Directions: Tell me how many lines in the entries below contain the word "MODE"; reply with the number and nothing else.

┌──

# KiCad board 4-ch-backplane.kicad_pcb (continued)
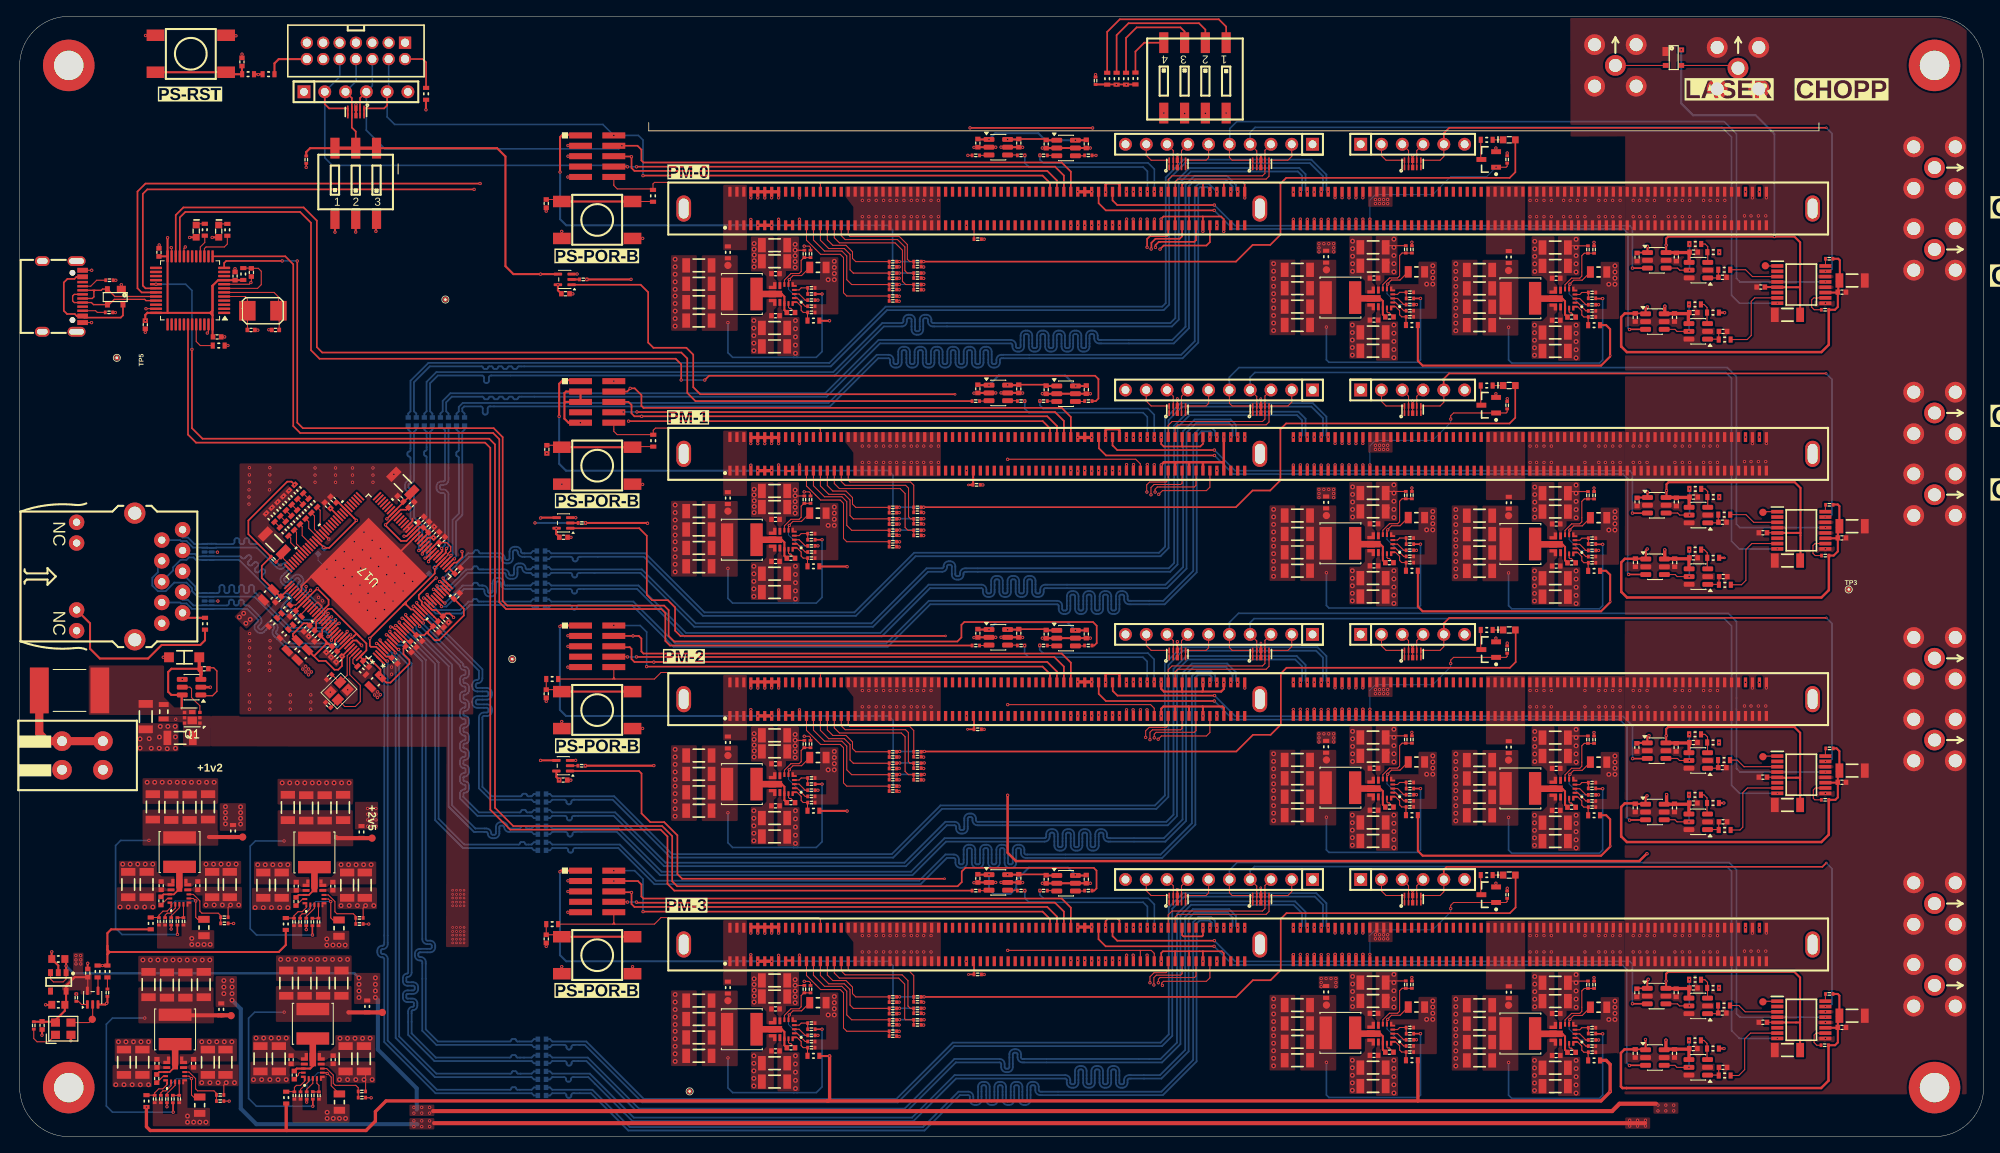
[diagram p0: board, top side]
## Routing (per net, layer and track width the routed paths; a pad name or vN(x,y) marks a point on that pad's centre or on a via; arc(x,y) is an arc through that point) (continued)
/TOP_LEVEL_IO/ETH4_TD2_N: length 121.5
  Bottom Layer w0.22: C130.2 64.81,9.95 65.09,9.67 69.43,9.67 75.68,3.42 108.15,3.42 114.23,9.5 119.76,9.5 arc(120.19,9.32) 120.37,8.89 120.37,8.5 arc(120.42,8.37) 120.56,8.31 120.76,8.31 arc(120.89,8.37) 120.94,8.5 120.94,10.08 arc(121.12,10.51) 121.56,10.69 121.76,10.69 arc(122.19,10.51) 122.37,10.08 122.37,9.69 arc(122.42,9.56) 122.56,9.5 139.43,9.5 141.43,11.5 141.43,27.23 142.98,28.78 155.85,28.78 157.14,27.49 157.14,25.76 v1(157.35,25.55)
/TOP_LEVEL_IO/ETH4_TD2_P: length 121.5
  Bottom Layer w0.22: C128.2 64.81,8.97 65.09,9.25 66.6,9.25 arc(66.77,9.18) 66.84,9.01 66.84,8.93 arc(66.91,8.76) 67.08,8.69 67.2,8.69 arc(67.37,8.76) 67.44,8.93 67.44,9.01 arc(67.51,9.18) 67.68,9.25 69.25,9.25 75.5,3 108.33,3 114.4,9.08 119.76,9.08 arc(119.89,9.02) 119.94,8.89 119.94,8.5 arc(120.12,8.07) 120.56,7.89 120.76,7.89 arc(121.19,8.07) 121.37,8.5 121.37,10.08 arc(121.42,10.21) 121.56,10.26 121.76,10.26 arc(121.89,10.21) 121.94,10.08 121.94,9.69 arc(122.12,9.26) 122.56,9.08 139.6,9.08 141.85,11.33 141.85,27.05 143.15,28.35 155.67,28.35 156.71,27.31 156.71,25.76 v1(156.5,25.55)
/TOP_LEVEL_IO/ETH4_TD3_N: length 121.5
  Bottom Layer w0.22: v1(159.9,25.55) 159.69,25.76 159.69,28.54 158.45,29.78 142.15,29.78 140.43,28.05 140.43,12.5 139.43,11.5 114.03,11.5 107.14,4.61 76.26,4.61 69.24,11.64 65.09,11.64 64.81,11.92 C132.2
/TOP_LEVEL_IO/ETH4_TD3_P: length 121.5
  Bottom Layer w0.22: C131.2 64.81,10.94 65.09,11.22 66.59,11.22 arc(66.76,11.15) 66.83,10.98 66.83,10.9 arc(66.9,10.73) 67.07,10.66 67.19,10.66 arc(67.36,10.73) 67.43,10.9 67.43,10.98 arc(67.5,11.15) 67.67,11.22 69.06,11.22 76.09,4.19 107.31,4.19 114.2,11.08 139.6,11.08 140.85,12.32 140.85,27.87 142.33,29.35 158.27,29.35 159.26,28.36 159.26,25.76 v1(159.05,25.55)
/TOP_LEVEL_IO/ETH5_TD0_N: length 29.8
  Top Layer w0.22: U17.113 37.37,62.93 37.99,63.56 v1(38.12,63.56)
  Bottom Layer w0.22: v1(38.12,63.56) 37.47,63.56 34.12,66.91 arc(33.94,67.34) 34.12,67.78 34.2,67.86 arc(34.26,67.99) 34.2,68.13 34.06,68.27 arc(33.93,68.32) 33.79,68.27 33.06,67.53 arc(32.63,67.35) 32.19,67.53 32.05,67.67 arc(31.87,68.11) 32.05,68.54 32.79,69.27 arc(32.84,69.41) 32.79,69.54 32.65,69.68 arc(32.51,69.74) 32.38,69.68 32.29,69.6 arc(31.86,69.42) 31.43,69.6 28.99,72.04 24.02,72.04 23.98,72 D28.7 22.96,72 22.92,72.04 21.19,72.04 20.39,72.84 19.73,72.84 19.61,72.95 J6.2
/TOP_LEVEL_IO/ETH5_TD0_P: length 29.8
  Top Layer w0.22: U17.112 37.07,63.23 37.69,63.86 v1(37.69,63.98)
  Bottom Layer w0.22: v1(37.69,63.98) 37.69,63.98 37.64,63.98 34.42,67.21 arc(34.36,67.34) 34.42,67.48 34.5,67.56 arc(34.68,67.99) 34.5,68.43 34.36,68.57 arc(33.93,68.75) 33.49,68.57 32.76,67.83 arc(32.63,67.78) 32.49,67.83 32.35,67.97 arc(32.3,68.11) 32.35,68.24 33.09,68.97 arc(33.27,69.41) 33.09,69.84 32.95,69.98 arc(32.51,70.16) 32.08,69.98 31.99,69.9 arc(31.86,69.84) 31.73,69.9 29.16,72.46 28.29,72.46 arc(28.12,72.53) 28.05,72.7 28.05,72.94 arc(27.98,73.11) 27.81,73.18 27.69,73.18 arc(27.52,73.11) 27.45,72.94 27.45,72.7 arc(27.38,72.53) 27.21,72.46 27.09,72.46 arc(26.92,72.53) 26.85,72.7 26.85,72.94 arc(26.78,73.11) 26.61,73.18 26.49,73.18 arc(26.32,73.11) 26.25,72.94 26.25,72.7 arc(26.18,72.53) 26.01,72.46 24.02,72.46 23.98,72.5 D28.6 22.96,72.5 22.92,72.46 21.36,72.46 20.56,73.26 19.91,73.26 J6.1
/TOP_LEVEL_IO/ETH5_TD1_N: length 29.8
  Top Layer w0.22: U17.116 38.22,62.08 38.92,62.78 v1(39.04,62.78)
  Bottom Layer w0.22: v1(39.04,62.78) 34.54,62.78 33.36,63.97 arc(33.25,64.01) 33.15,63.97 arc(32.74,63.8) 32.34,63.97 32.14,64.16 arc(31.97,64.57) 32.14,64.97 32.75,65.58 arc(32.8,65.71) 32.75,65.85 32.61,65.99 arc(32.47,66.04) 32.34,65.99 32.27,65.92 arc(31.84,65.74) 31.41,65.92 26.78,70.54 21.53,70.54 21.24,70.83 20.69,70.83 20.39,70.53 19.66,70.53 18.76,69.62 18.76,69.25 J6.6
/TOP_LEVEL_IO/ETH5_TD1_P: length 29.9
  Top Layer w0.22: U17.115 37.92,62.38 38.62,63.08 v1(38.62,63.21)
  Bottom Layer w0.22: v1(38.62,63.21) 38.61,63.21 38.35,63.21 38.29,63.15 37.95,63.15 37.89,63.21 34.72,63.21 33.66,64.27 arc(33.25,64.43) 32.85,64.27 arc(32.74,64.22) 32.64,64.27 32.44,64.46 arc(32.4,64.57) 32.44,64.67 33.05,65.28 arc(33.23,65.71) 33.05,66.15 32.91,66.29 arc(32.47,66.47) 32.04,66.29 31.97,66.22 arc(31.84,66.16) 31.71,66.22 29.64,68.29 arc(29.57,68.46) 29.64,68.62 29.95,68.93 arc(30.02,69.1) 29.95,69.27 29.86,69.36 arc(29.69,69.43) 29.52,69.36 29.21,69.05 arc(29.04,68.98) 28.87,69.05 28.79,69.13 arc(28.72,69.3) 28.79,69.47 29.1,69.78 arc(29.17,69.95) 29.1,70.12 29.01,70.21 arc(28.84,70.28) 28.67,70.21 28.37,69.9 arc(28.2,69.83) 28.03,69.9 27.94,69.98 arc(27.87,70.15) 27.94,70.32 28.25,70.63 arc(28.32,70.8) 28.25,70.97 28.16,71.05 arc(28,71.12) 27.83,71.05 27.52,70.75 arc(27.35,70.68) 27.18,70.75 26.96,70.96 21.71,70.96 21.42,71.26 20.34,71.26 J6.3
/TOP_LEVEL_IO/ETH5_TD2_N: length 29.9
  Top Layer w0.22: v1(38.1,60.71) 38.1,60.84 38.76,61.5 U17.118
  Bottom Layer w0.22: v1(38.1,60.71) 38.1,61.67 37.55,62.21 33.11,62.21 28.86,66.46 arc(28.69,66.53) 28.62,66.7 28.62,67.2 arc(28.55,67.37) 28.38,67.44 28.26,67.44 arc(28.09,67.37) 28.02,67.2 28.02,66.7 arc(27.95,66.53) 27.78,66.46 27.66,66.46 arc(27.49,66.53) 27.42,66.7 27.42,67.2 arc(27.35,67.37) 27.18,67.44 27.06,67.44 arc(26.89,67.37) 26.82,67.2 26.82,66.7 arc(26.75,66.53) 26.58,66.46 26.46,66.46 arc(26.29,66.53) 26.22,66.7 26.22,67.2 arc(26.15,67.37) 25.98,67.44 25.86,67.44 arc(25.69,67.37) 25.62,67.2 25.62,66.7 arc(25.55,66.53) 25.38,66.46 25.26,66.46 arc(25.09,66.53) 25.02,66.7 25.02,67.2 arc(24.95,67.37) 24.78,67.44 24.66,67.44 arc(24.49,67.37) 24.42,67.2 24.42,66.7 arc(24.35,66.53) 24.18,66.46 21.92,66.46 21.49,66.89 21.49,67.25 19.91,68.83 J6.5
/TOP_LEVEL_IO/ETH5_TD2_P: length 29.9
  Top Layer w0.22: v1(37.67,61.14) 37.8,61.14 38.47,61.8 U17.117
  Bottom Layer w0.22: v1(37.67,61.14) 37.67,61.49 37.38,61.79 32.94,61.79 28.68,66.04 21.74,66.04 21.07,66.72 21.07,67.07 20.39,67.75 18.89,67.75 17.85,66.71 16.89,66.71 16.22,67.39 16.22,68.34 16.89,69.02 16.89,69.94 J6.4
/TOP_LEVEL_IO/ETH5_TD3_N: length 29.8
  Top Layer w0.22: v1(40.45,61.36) 40.32,61.36 39.63,60.67 U17.121
  Bottom Layer w0.22: v1(40.45,61.36) 40.32,61.36 38.84,59.88 37.75,59.88 37.74,59.89 32.44,59.89 31.07,61.25 arc(30.89,61.69) 31.07,62.12 31.07,62.12 arc(31.13,62.26) 31.07,62.39 30.93,62.53 arc(30.8,62.59) 30.67,62.53 29.88,61.75 arc(29.45,61.57) 29.02,61.75 28.88,61.89 arc(28.7,62.32) 28.88,62.75 29.09,62.97 arc(29.15,63.1) 29.09,63.23 27.78,64.54 21.06,64.54 20.39,65.21 19.73,65.21 19.61,65.32 J6.8
/TOP_LEVEL_IO/ETH5_TD3_P: length 29.8
  Top Layer w0.22: v1(40.02,61.78) 40.02,61.66 39.33,60.97 U17.120
  Bottom Layer w0.22: v1(40.02,61.78) 40.02,61.66 38.66,60.3 37.93,60.3 37.92,60.31 32.61,60.31 31.37,61.55 arc(31.31,61.69) 31.37,61.82 31.37,61.82 arc(31.55,62.26) 31.37,62.69 31.23,62.83 arc(30.8,63.01) 30.37,62.83 29.58,62.05 arc(29.45,61.99) 29.32,62.05 29.18,62.19 arc(29.12,62.32) 29.18,62.45 29.39,62.67 arc(29.57,63.1) 29.39,63.53 27.96,64.96 27.62,64.96 arc(27.45,65.03) 27.38,65.2 27.38,65.42 arc(27.31,65.59) 27.14,65.66 27.02,65.66 arc(26.85,65.59) 26.78,65.42 26.78,65.2 arc(26.71,65.03) 26.54,64.96 26.42,64.96 arc(26.25,65.03) 26.18,65.2 26.18,65.42 arc(26.11,65.59) 25.94,65.66 25.82,65.66 arc(25.65,65.59) 25.58,65.42 25.58,65.2 arc(25.51,65.03) 25.34,64.96 21.23,64.96 20.56,65.63 19.91,65.63 J6.7
/TOP_LEVEL_IO/ETHERNET/ETH_LD1: length 39
  Top Layer w0.12: U17.102 34.24,66.04 35,66.8 v1(35,67.28)
  In1.Cu w0.25: v1(35,67.28) 35,67.2 34.93,67.28 34.93,67.4 27.55,74.78 27.55,77 25.7,78.85 7.92,78.85 6.96,77.89 J6.11
/TOP_LEVEL_IO/ETHERNET/ETH_LD2: length 46.7
  Top Layer w0.12: R141.2 33.74,65.01 34.49,65.76 U17.103 34.52,65.8 v1(35.55,66.82)
  In1.Cu w0.2: v1(35.55,66.82) 34.35,65.62 33.03,65.62 30.07,68.57 24.18,68.57 23.2,67.6 23.2,58.7 22.25,57.75 8.14,57.75 6.96,58.92 J6.14
/TOP_LEVEL_IO/HOUSE_POWER/CLK_1MHz: length 4.3
  Top Layer w0.12: 8.92,14.6 U13.2 ; Y1.3 8.47,13.95 8.72,14.2 8.92,14.2
/TOP_LEVEL_IO/HOUSE_POWER/SYNC_CLK: length 563.5
  Top Layer w0.25: R67.1 170.86,94.87 171.44,94.29 193.25,94.29 194.36,95.4 v3(194.36,95.53) 194.36,98.75 193.87,99.24 193.16,99.24 ; 11,22.58 31.66,22.58 32.52,23.44 R104.1 ; 11,22.58 11,22.56 10.72,22.29 ; 11,22.58 10.72,22.85 10.72,23.32 ; v1(98.97,99.77) 97.73,99.77 ; R71.2 R70.2 ; R71.2 v1(10.12,20.92) ; R71.2 10.72,22.29 ; 10.72,23.32 10.72,22.29 ; 10.72,23.32 10.72,24.89 11.19,25.35 R110.1 ; 193.16,69.2 193.87,69.2 194.36,68.71 v3(194.36,65.43) 194.36,65.35 193.25,64.24 171.45,64.24 170.87,64.83 170.87,69.21 ; v1(101.12,39.82) 101.1,39.83 97.73,39.83 ; 193.16,39.31 193.87,39.31 194.36,38.82 v3(194.36,35.54) 194.36,35.46 193.25,34.35 171.45,34.35 170.87,34.94 170.87,39.32 ; 97.73,69.72 101.09,69.72 v1(101.12,69.7) ; v1(98.97,9.86) 97.73,9.86
  Top Layer w0.4: 98.66,4.37 170.81,4.37 ; 98.66,4.37 44.77,4.37 43.47,3.07 43.47,1.9 42.32,0.75 15.96,0.75 15.5,1.21 v1(15.5,3.62) ; 98.66,4.37 98.88,4.37 98.97,4.47 98.97,9.85 v1(98.97,9.86) ; 193.16,9.33 193.87,9.33 194.36,8.84 v3(194.36,5.56) 194.36,5.48 193.25,4.37 170.87,4.37 ; 32.57,0.99 R93.1 ; 170.87,9.34 170.87,4.37
  In1.Cu w0.4: v3(194.36,5.56) 194.36,9.09 196.36,11.09 196.36,33.54 v3(194.36,35.54) ; v1(98.97,9.86) 100.81,9.86 101.12,10.17 101.12,99.12 100.46,99.77 v1(98.97,99.77) ; 194.36,65.43 194.36,68.96 196.35,70.96 196.35,93.53 v3(194.36,95.53) ; v1(10.12,20.92) 10.12,2.69 12.03,0.78 14.85,0.78 15.5,1.43 15.5,3.61 v1(15.5,3.62) ; v3(194.36,65.43) 196.35,63.44 196.35,41.09 194.36,39.09 194.36,35.56
/TOP_LEVEL_IO/HOUSE_POWER/TPS543320_BUCK_1V2/BP5: length 10.7
  Top Layer w0.12: R99.1 v1(18.52,25.39) ; U3.6 21.22,29.13 21.52,28.83 21.52,26.83 21.77,26.57 C29.2
  Bottom Layer w0.12: 21.56,28.82 19,28.82 18.56,28.38 18.56,25.38
  vias: v1(21.52,28.82)
/TOP_LEVEL_IO/HOUSE_POWER/TPS543320_BUCK_1V2/FB: length 2.4
  Top Layer w0.12: 19.27,26.78 R91.2 20.02,26.78 U3.4
/TOP_LEVEL_IO/HOUSE_POWER/TPS543320_BUCK_1V2/L+: length 5.4
  Top Layer w0.2: U3.10 19.52,30.3 18.85,29.63 U3.13 17.57,29.63 C129.2
  Top Layer w0.8: U3.10 19.52,33.03
/TOP_LEVEL_IO/HOUSE_POWER/TPS543320_BUCK_1V2/L-: length 28.7
  Top Layer w0.2: 19.27,25.88 19.27,24.74 v1(19.29,24.72) ; 23.05,38.8 C111.2
  Top Layer w0.5: 25.47,36.64 23.13,36.64 ; 25.47,36.64 26.06,36.64 26.07,36.64 TP13.1 ; 25.47,36.64 26.38,36.64
  Bottom Layer w0.2: 19.36,24.72 12.5,24.72 11.72,25.5 11.72,35.6 12.35,36.22 15.86,36.22
  vias: v1(15.81,36.23)
/TOP_LEVEL_IO/HOUSE_POWER/TPS543320_BUCK_1V2/MODE: length 2.4
  Top Layer w0.12: R105.2 17.77,27.08 18.02,27.33 18.4,27.33 19.02,27.95 U3.2
/TOP_LEVEL_IO/HOUSE_POWER/TPS543320_BUCK_1V8/BP5: length 10.3
  Top Layer w0.12: U18.6 20.7,7.4 21,7.1 21,5.1 21.25,4.85 C30.2 ; R107.1 v1(18,3.66)
  Bottom Layer w0.12: 21.04,7.08 21.03,7.09 19.15,7.09 18.04,5.98 18.04,3.65
  vias: v1(21,7.1)
/TOP_LEVEL_IO/HOUSE_POWER/TPS543320_BUCK_1V8/FB: length 2.4
  Top Layer w0.12: U18.4 19.5,5.05 R92.2 18.75,5.05
/TOP_LEVEL_IO/HOUSE_POWER/TPS543320_BUCK_1V8/L+: length 5.4
  Top Layer w0.2: U18.10 19,8.57 18.33,7.9 U18.13 17.05,7.9 C141.2
  Top Layer w0.8: U18.10 19,11.3
/TOP_LEVEL_IO/HOUSE_POWER/TPS543320_BUCK_1V8/L-: length 31.7
  Top Layer w0.2: 24.64,14.85 24.65,14.84 ; 18.75,4.15 18.75,3.01 v1(18.77,3) ; 19.07,14.84 L11.2 ; 25.8,14.84 TP14.1
  Top Layer w0.5: 24.65,14.84 19.07,14.84 ; R118.1 25.8,14.84
  Bottom Layer w0.2: 15.35,14.5 11.35,14.5 10.6,13.75 10.6,3.75 11.35,3 18.85,3
  vias: v1(15.29,14.5)
/TOP_LEVEL_IO/HOUSE_POWER/TPS543320_BUCK_1V8/MODE: length 2.4
  Top Layer w0.12: U18.2 18.5,6.23 17.88,5.6 17.5,5.6 17.25,5.35 R106.2
/TOP_LEVEL_IO/HOUSE_POWER/TPS543320_BUCK_2V5/BP5: length 10.3
  Top Layer w0.12: C28.2 38.28,26.5 38.02,26.76 38.02,28.76 37.72,29.06 U2.6 ; R98.1 v1(35.02,25.32)
  Bottom Layer w0.12: 38.07,28.75 38.06,28.76 36.18,28.76 35.07,27.65 35.07,25.32
  vias: v1(38.02,28.75)
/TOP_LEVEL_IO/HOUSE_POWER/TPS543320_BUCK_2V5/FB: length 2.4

└──

Result for this exercise: 2